Your instructions |
All that should come back is the lines of the data below from the one containing "#86=ORIENTED_EDGE('',*,*,#40,.T.);" to the one containing "#115=EDGE_CURVE('E323',#77,#108,#114,.T.);", inclusive, exactly as they stand.
*** Dataset content ***
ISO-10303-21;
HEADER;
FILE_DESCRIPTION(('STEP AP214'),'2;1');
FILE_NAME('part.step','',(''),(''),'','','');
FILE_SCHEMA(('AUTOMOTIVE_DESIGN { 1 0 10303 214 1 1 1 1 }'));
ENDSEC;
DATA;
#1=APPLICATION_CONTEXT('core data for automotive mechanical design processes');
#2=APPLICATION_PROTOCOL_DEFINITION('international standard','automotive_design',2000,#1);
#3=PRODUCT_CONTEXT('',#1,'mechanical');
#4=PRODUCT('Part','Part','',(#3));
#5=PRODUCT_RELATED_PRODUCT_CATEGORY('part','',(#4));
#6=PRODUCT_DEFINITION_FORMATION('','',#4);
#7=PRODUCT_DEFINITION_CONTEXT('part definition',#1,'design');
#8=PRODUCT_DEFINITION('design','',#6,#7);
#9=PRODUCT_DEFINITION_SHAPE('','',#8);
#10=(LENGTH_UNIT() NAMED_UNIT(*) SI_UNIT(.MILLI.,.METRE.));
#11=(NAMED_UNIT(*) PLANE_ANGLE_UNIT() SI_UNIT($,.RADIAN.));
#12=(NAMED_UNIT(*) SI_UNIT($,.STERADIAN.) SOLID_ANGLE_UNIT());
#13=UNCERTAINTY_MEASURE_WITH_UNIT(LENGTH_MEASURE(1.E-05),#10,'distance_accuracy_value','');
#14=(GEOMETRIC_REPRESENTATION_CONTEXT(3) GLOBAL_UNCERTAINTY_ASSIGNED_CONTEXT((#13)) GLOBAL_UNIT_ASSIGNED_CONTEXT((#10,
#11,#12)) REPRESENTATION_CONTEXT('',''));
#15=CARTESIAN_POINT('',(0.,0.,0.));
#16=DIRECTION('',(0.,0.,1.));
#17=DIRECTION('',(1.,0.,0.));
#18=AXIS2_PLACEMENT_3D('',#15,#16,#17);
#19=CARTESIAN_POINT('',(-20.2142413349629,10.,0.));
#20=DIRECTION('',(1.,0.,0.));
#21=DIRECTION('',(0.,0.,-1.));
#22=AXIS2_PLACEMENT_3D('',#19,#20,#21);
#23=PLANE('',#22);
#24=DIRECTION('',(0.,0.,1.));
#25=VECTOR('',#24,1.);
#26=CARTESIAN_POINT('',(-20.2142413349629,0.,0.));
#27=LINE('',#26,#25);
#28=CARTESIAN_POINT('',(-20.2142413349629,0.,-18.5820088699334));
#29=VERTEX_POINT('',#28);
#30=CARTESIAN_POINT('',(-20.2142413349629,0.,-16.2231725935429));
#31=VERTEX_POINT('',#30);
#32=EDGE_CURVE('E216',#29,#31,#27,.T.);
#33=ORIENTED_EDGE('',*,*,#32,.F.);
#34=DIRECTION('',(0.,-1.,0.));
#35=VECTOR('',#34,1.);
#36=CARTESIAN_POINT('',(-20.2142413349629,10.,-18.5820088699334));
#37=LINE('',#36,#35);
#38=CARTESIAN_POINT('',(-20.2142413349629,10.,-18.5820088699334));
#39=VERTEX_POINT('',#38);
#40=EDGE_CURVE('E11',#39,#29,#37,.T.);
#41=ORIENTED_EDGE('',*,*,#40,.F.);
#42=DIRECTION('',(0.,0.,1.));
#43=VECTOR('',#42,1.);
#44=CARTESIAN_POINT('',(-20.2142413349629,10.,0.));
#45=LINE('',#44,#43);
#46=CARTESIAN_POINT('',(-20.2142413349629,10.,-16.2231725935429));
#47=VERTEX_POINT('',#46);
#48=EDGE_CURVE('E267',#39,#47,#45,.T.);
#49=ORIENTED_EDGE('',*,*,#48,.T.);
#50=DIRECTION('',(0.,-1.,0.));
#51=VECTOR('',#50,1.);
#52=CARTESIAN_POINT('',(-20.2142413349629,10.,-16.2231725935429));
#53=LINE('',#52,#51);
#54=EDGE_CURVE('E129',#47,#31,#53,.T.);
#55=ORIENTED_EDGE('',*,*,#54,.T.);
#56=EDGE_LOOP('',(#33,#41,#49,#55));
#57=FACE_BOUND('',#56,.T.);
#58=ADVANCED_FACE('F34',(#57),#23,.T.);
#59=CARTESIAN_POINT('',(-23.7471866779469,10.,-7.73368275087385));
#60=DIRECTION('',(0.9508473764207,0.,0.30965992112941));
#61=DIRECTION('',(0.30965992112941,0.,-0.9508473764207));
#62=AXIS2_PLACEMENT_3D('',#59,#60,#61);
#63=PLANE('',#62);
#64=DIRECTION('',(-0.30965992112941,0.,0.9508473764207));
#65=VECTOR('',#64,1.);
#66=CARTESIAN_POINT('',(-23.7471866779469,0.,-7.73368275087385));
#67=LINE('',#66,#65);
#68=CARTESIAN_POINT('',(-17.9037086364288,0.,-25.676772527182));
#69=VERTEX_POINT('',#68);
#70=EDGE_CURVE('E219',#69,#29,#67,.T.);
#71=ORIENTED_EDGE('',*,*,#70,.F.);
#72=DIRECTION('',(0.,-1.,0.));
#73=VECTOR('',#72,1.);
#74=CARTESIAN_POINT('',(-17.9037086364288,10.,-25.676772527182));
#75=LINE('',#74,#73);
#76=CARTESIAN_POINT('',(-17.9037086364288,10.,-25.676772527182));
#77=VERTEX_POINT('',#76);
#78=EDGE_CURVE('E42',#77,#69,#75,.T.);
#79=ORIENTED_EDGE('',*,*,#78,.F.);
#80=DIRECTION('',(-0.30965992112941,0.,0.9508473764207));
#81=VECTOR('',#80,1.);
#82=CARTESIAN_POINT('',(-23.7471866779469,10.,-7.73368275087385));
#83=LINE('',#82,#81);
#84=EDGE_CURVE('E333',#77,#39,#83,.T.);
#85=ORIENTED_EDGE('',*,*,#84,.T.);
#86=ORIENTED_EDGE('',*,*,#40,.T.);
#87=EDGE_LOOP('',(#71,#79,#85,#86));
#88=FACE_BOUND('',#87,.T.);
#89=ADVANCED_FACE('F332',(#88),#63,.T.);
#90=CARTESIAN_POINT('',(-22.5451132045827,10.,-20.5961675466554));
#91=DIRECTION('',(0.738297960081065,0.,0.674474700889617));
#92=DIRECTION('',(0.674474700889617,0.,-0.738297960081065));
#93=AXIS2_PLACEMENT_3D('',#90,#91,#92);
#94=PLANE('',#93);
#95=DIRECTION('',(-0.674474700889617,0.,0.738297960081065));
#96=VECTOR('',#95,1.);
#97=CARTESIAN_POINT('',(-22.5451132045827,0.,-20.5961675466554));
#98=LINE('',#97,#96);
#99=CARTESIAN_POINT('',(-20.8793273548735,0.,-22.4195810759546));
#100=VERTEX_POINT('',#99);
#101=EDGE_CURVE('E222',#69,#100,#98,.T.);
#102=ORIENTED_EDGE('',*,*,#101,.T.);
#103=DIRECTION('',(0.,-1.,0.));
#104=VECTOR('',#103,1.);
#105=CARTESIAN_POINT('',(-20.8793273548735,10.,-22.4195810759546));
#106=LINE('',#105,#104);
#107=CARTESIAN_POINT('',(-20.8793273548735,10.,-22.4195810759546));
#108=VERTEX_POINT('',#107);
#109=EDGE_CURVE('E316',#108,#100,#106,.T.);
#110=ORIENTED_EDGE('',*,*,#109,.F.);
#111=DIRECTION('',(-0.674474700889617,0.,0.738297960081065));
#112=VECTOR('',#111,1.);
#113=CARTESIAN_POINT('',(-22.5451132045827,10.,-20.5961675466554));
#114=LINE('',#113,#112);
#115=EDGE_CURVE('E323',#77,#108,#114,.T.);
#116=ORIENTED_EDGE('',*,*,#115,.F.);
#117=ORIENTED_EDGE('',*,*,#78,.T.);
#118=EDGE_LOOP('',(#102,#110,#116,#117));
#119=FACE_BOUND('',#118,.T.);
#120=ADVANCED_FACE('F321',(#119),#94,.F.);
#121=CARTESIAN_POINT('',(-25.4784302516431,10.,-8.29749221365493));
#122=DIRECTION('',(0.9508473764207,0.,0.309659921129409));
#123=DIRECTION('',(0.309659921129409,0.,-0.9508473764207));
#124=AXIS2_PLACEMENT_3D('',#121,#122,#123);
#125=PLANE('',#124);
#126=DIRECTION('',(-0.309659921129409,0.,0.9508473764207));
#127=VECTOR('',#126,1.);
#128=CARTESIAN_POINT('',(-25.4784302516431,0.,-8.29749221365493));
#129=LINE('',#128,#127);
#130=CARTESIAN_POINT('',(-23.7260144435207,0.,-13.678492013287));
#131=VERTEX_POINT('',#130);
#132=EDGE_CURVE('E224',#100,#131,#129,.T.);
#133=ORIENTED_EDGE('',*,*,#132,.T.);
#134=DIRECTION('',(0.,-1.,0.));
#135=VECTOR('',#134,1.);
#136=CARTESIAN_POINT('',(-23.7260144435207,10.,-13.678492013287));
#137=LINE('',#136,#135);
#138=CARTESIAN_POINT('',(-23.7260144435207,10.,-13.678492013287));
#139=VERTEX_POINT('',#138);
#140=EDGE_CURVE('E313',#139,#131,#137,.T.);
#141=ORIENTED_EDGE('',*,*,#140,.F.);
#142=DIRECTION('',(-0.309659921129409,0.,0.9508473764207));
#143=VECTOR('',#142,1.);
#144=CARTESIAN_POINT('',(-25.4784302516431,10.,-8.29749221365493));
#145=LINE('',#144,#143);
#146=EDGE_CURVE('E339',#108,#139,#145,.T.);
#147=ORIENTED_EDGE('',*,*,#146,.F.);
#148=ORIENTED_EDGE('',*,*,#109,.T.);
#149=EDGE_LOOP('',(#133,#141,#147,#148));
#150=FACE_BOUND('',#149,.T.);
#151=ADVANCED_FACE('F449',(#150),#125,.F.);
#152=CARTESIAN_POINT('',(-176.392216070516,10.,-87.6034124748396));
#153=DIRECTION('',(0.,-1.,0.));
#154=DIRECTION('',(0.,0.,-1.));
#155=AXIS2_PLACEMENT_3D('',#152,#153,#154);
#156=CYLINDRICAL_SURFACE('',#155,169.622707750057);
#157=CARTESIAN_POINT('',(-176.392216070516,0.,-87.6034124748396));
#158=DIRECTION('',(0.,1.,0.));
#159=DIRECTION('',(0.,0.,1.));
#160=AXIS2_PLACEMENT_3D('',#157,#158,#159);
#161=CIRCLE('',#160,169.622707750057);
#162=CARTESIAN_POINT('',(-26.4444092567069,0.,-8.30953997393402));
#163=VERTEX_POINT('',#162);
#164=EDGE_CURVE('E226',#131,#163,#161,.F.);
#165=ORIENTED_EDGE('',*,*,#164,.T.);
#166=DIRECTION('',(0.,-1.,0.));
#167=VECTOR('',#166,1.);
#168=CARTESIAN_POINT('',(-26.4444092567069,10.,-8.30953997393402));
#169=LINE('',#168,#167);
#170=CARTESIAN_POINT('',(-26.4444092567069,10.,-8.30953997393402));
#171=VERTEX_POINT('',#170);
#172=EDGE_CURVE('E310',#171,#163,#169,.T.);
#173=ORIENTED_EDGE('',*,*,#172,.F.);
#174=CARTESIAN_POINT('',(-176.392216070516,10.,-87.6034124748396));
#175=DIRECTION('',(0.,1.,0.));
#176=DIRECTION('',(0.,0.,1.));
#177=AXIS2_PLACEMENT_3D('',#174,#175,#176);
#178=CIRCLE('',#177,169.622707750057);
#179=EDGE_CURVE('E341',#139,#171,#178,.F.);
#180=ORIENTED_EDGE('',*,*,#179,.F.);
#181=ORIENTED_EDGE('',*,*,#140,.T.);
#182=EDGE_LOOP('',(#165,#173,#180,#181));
*** End of Dataset content ***
Exercise output |
#86=ORIENTED_EDGE('',*,*,#40,.T.);
#87=EDGE_LOOP('',(#71,#79,#85,#86));
#88=FACE_BOUND('',#87,.T.);
#89=ADVANCED_FACE('F332',(#88),#63,.T.);
#90=CARTESIAN_POINT('',(-22.5451132045827,10.,-20.5961675466554));
#91=DIRECTION('',(0.738297960081065,0.,0.674474700889617));
#92=DIRECTION('',(0.674474700889617,0.,-0.738297960081065));
#93=AXIS2_PLACEMENT_3D('',#90,#91,#92);
#94=PLANE('',#93);
#95=DIRECTION('',(-0.674474700889617,0.,0.738297960081065));
#96=VECTOR('',#95,1.);
#97=CARTESIAN_POINT('',(-22.5451132045827,0.,-20.5961675466554));
#98=LINE('',#97,#96);
#99=CARTESIAN_POINT('',(-20.8793273548735,0.,-22.4195810759546));
#100=VERTEX_POINT('',#99);
#101=EDGE_CURVE('E222',#69,#100,#98,.T.);
#102=ORIENTED_EDGE('',*,*,#101,.T.);
#103=DIRECTION('',(0.,-1.,0.));
#104=VECTOR('',#103,1.);
#105=CARTESIAN_POINT('',(-20.8793273548735,10.,-22.4195810759546));
#106=LINE('',#105,#104);
#107=CARTESIAN_POINT('',(-20.8793273548735,10.,-22.4195810759546));
#108=VERTEX_POINT('',#107);
#109=EDGE_CURVE('E316',#108,#100,#106,.T.);
#110=ORIENTED_EDGE('',*,*,#109,.F.);
#111=DIRECTION('',(-0.674474700889617,0.,0.738297960081065));
#112=VECTOR('',#111,1.);
#113=CARTESIAN_POINT('',(-22.5451132045827,10.,-20.5961675466554));
#114=LINE('',#113,#112);
#115=EDGE_CURVE('E323',#77,#108,#114,.T.);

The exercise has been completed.